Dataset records

╔══

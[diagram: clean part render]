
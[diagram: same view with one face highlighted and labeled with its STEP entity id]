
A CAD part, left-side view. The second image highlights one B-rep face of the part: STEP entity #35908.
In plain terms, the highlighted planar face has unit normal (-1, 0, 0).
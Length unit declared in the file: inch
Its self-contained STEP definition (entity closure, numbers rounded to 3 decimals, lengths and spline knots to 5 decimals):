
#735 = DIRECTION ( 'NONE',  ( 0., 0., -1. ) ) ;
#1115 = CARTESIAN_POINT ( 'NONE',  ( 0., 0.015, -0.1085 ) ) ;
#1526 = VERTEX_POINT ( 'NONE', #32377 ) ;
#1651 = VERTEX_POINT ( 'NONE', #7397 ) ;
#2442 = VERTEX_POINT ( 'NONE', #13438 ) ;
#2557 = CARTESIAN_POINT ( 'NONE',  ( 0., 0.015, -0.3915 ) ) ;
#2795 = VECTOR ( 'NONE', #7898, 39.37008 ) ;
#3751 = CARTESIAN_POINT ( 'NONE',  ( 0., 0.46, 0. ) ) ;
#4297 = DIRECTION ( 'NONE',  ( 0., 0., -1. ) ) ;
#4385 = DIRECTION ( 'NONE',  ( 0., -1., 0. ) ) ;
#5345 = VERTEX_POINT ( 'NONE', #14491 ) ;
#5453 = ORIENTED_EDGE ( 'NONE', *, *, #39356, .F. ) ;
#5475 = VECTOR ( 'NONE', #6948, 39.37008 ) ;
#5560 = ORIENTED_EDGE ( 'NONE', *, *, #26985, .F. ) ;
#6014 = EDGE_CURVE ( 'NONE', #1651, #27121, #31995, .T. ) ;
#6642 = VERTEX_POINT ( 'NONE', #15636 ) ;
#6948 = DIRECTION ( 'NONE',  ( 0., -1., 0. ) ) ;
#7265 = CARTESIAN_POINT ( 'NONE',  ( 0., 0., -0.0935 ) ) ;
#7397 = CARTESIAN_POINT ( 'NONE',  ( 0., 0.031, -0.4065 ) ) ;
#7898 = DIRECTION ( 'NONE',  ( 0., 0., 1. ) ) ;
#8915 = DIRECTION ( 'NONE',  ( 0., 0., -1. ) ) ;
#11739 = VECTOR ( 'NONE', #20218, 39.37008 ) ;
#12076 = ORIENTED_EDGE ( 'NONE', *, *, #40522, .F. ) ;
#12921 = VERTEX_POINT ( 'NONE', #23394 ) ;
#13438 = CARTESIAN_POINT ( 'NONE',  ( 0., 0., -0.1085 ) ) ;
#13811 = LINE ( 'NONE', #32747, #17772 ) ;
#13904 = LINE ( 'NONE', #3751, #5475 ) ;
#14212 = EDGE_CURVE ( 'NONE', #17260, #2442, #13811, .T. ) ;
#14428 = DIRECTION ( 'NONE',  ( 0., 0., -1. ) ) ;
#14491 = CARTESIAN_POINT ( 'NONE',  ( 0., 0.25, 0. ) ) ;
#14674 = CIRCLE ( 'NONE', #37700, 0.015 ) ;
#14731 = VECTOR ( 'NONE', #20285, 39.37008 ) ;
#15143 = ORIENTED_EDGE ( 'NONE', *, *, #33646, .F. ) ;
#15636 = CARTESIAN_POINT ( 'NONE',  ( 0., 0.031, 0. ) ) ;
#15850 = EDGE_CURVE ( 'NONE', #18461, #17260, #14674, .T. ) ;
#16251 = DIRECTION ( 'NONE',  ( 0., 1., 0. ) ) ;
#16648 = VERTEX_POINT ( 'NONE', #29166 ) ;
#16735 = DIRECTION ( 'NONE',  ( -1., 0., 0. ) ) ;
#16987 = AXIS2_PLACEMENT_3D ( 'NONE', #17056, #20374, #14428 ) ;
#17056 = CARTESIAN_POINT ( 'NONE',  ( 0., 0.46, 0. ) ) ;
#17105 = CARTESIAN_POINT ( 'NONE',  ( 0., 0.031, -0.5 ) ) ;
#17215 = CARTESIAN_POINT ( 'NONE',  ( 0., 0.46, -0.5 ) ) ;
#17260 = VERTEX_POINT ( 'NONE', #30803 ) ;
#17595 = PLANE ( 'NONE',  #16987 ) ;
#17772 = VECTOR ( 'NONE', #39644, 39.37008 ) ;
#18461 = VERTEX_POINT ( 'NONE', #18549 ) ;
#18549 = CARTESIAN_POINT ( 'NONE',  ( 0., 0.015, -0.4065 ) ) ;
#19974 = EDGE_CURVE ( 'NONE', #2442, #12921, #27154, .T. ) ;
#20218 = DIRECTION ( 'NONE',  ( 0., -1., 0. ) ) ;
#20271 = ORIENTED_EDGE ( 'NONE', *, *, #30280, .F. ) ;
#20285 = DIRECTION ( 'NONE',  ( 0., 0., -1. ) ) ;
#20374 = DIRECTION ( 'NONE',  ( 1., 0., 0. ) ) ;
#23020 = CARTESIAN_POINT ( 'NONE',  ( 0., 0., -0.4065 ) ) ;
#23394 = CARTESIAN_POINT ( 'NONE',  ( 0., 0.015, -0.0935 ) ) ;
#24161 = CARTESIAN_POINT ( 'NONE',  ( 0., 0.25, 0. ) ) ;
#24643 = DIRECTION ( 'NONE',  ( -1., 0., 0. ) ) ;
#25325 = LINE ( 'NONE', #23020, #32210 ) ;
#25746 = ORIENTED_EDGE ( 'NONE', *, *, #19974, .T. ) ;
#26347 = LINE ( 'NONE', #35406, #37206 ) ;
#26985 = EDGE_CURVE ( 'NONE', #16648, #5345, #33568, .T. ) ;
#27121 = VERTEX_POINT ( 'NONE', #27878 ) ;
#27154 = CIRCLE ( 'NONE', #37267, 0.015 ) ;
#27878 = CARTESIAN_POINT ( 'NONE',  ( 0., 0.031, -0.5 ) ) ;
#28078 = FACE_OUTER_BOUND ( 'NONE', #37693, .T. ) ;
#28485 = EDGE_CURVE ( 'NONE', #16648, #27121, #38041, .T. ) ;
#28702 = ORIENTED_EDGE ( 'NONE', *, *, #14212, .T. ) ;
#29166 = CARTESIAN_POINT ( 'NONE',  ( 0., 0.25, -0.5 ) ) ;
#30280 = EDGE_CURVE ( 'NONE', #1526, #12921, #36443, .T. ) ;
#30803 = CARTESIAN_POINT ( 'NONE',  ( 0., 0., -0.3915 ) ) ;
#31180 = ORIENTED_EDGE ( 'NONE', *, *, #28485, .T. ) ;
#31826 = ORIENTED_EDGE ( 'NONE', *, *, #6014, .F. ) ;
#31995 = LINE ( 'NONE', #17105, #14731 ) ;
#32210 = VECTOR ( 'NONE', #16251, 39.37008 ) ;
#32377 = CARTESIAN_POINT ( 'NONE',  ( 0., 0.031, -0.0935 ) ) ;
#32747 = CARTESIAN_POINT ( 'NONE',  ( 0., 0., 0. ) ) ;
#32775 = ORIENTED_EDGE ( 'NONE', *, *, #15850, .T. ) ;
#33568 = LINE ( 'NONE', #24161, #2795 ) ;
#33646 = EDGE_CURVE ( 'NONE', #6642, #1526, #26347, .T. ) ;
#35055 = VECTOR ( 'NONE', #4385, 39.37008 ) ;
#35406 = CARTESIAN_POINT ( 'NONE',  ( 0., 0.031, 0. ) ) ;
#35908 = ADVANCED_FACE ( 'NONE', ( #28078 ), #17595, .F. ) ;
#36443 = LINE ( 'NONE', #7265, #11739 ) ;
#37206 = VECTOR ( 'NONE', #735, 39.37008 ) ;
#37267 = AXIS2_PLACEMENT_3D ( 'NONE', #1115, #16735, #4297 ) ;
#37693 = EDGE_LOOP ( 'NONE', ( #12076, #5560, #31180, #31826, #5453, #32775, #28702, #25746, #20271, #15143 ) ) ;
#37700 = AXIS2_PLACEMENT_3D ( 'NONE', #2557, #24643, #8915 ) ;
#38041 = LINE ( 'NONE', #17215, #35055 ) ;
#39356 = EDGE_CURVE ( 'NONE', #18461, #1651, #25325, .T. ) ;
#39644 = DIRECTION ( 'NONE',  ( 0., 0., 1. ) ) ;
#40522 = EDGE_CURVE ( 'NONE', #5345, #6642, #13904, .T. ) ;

╚══

■ **Your goal**: Could you transcribe the entries above word for word, from the line with "#5475 = VECTOR ( 'NONE', #6948, 39.37008 ) ;" down to the line with "#16648 = VERTEX_POINT ( 'NONE', #29166 ) ;", keeping both?

■ **Result**:
#5475 = VECTOR ( 'NONE', #6948, 39.37008 ) ;
#5560 = ORIENTED_EDGE ( 'NONE', *, *, #26985, .F. ) ;
#6014 = EDGE_CURVE ( 'NONE', #1651, #27121, #31995, .T. ) ;
#6642 = VERTEX_POINT ( 'NONE', #15636 ) ;
#6948 = DIRECTION ( 'NONE',  ( 0., -1., 0. ) ) ;
#7265 = CARTESIAN_POINT ( 'NONE',  ( 0., 0., -0.0935 ) ) ;
#7397 = CARTESIAN_POINT ( 'NONE',  ( 0., 0.031, -0.4065 ) ) ;
#7898 = DIRECTION ( 'NONE',  ( 0., 0., 1. ) ) ;
#8915 = DIRECTION ( 'NONE',  ( 0., 0., -1. ) ) ;
#11739 = VECTOR ( 'NONE', #20218, 39.37008 ) ;
#12076 = ORIENTED_EDGE ( 'NONE', *, *, #40522, .F. ) ;
#12921 = VERTEX_POINT ( 'NONE', #23394 ) ;
#13438 = CARTESIAN_POINT ( 'NONE',  ( 0., 0., -0.1085 ) ) ;
#13811 = LINE ( 'NONE', #32747, #17772 ) ;
#13904 = LINE ( 'NONE', #3751, #5475 ) ;
#14212 = EDGE_CURVE ( 'NONE', #17260, #2442, #13811, .T. ) ;
#14428 = DIRECTION ( 'NONE',  ( 0., 0., -1. ) ) ;
#14491 = CARTESIAN_POINT ( 'NONE',  ( 0., 0.25, 0. ) ) ;
#14674 = CIRCLE ( 'NONE', #37700, 0.015 ) ;
#14731 = VECTOR ( 'NONE', #20285, 39.37008 ) ;
#15143 = ORIENTED_EDGE ( 'NONE', *, *, #33646, .F. ) ;
#15636 = CARTESIAN_POINT ( 'NONE',  ( 0., 0.031, 0. ) ) ;
#15850 = EDGE_CURVE ( 'NONE', #18461, #17260, #14674, .T. ) ;
#16251 = DIRECTION ( 'NONE',  ( 0., 1., 0. ) ) ;
#16648 = VERTEX_POINT ( 'NONE', #29166 ) ;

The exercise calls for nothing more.